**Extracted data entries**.
▼▼▼
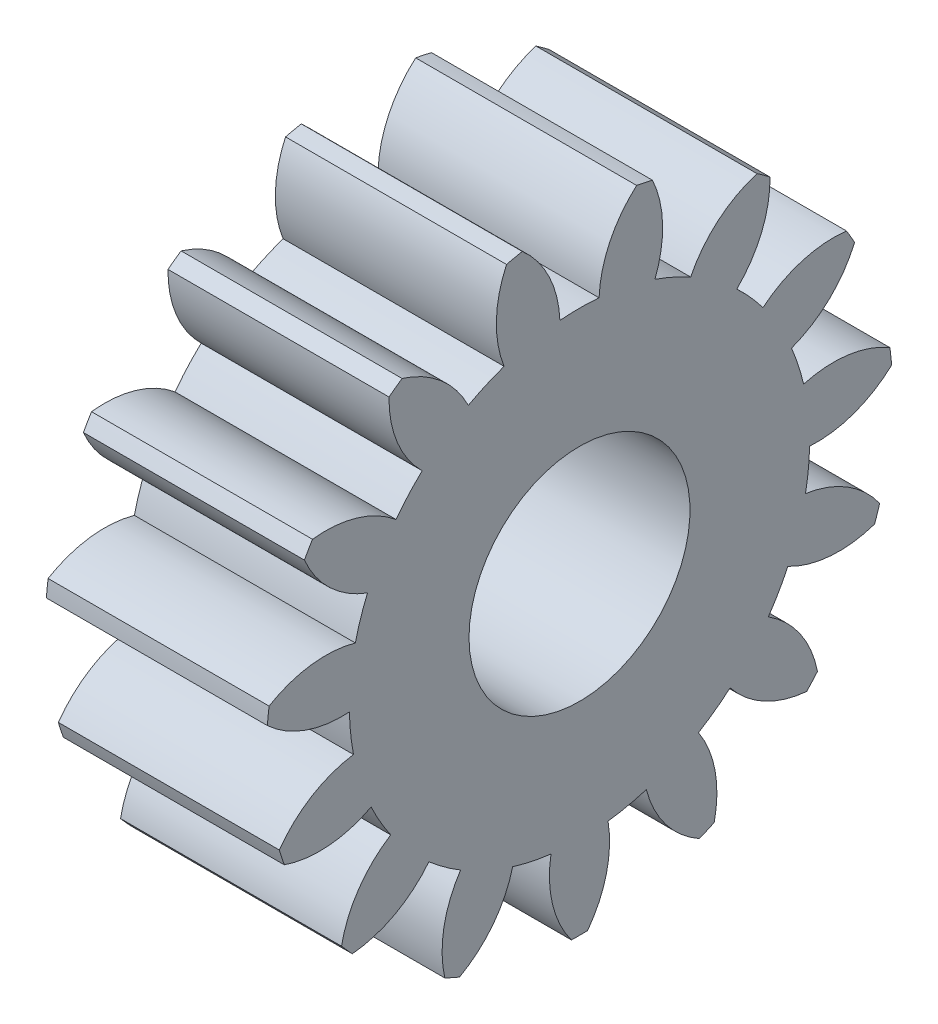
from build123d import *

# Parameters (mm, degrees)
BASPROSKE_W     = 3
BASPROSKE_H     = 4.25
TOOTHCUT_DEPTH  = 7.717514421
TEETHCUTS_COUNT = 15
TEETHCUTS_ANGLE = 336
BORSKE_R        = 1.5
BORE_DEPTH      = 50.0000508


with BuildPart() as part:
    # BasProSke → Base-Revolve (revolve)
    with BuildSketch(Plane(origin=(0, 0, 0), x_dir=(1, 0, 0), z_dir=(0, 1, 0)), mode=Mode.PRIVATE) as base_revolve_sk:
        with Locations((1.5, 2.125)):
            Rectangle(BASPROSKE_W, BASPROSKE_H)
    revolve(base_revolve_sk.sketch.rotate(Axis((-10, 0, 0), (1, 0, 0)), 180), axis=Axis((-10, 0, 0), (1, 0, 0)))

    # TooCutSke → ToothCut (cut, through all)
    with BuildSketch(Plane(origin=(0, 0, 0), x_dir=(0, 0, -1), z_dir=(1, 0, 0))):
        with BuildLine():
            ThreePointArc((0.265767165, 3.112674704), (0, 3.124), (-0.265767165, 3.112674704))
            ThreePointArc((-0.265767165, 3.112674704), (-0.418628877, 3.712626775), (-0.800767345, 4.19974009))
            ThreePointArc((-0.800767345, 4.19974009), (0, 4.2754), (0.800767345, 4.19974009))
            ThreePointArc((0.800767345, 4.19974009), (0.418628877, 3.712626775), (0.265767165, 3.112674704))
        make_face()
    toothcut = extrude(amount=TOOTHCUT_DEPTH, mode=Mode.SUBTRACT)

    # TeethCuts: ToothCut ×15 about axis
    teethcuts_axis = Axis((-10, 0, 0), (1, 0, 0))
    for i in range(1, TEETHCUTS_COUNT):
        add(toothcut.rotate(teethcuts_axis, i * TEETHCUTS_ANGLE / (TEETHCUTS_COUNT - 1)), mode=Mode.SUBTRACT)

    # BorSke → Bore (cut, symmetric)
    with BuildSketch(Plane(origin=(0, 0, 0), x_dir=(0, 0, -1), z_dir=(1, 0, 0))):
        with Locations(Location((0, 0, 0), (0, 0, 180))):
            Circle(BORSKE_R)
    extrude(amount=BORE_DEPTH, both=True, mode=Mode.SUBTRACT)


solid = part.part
▲▲▲
**What you are asked to do**. Reproduce the records exactly, starting with their first line and ending with the line that contains "# BasProSke → Base-Revolve (revolve)", though pictures should be dropped.

**Answer**.
from build123d import *

# Parameters (mm, degrees)
BASPROSKE_W     = 3
BASPROSKE_H     = 4.25
TOOTHCUT_DEPTH  = 7.717514421
TEETHCUTS_COUNT = 15
TEETHCUTS_ANGLE = 336
BORSKE_R        = 1.5
BORE_DEPTH      = 50.0000508


with BuildPart() as part:
    # BasProSke → Base-Revolve (revolve)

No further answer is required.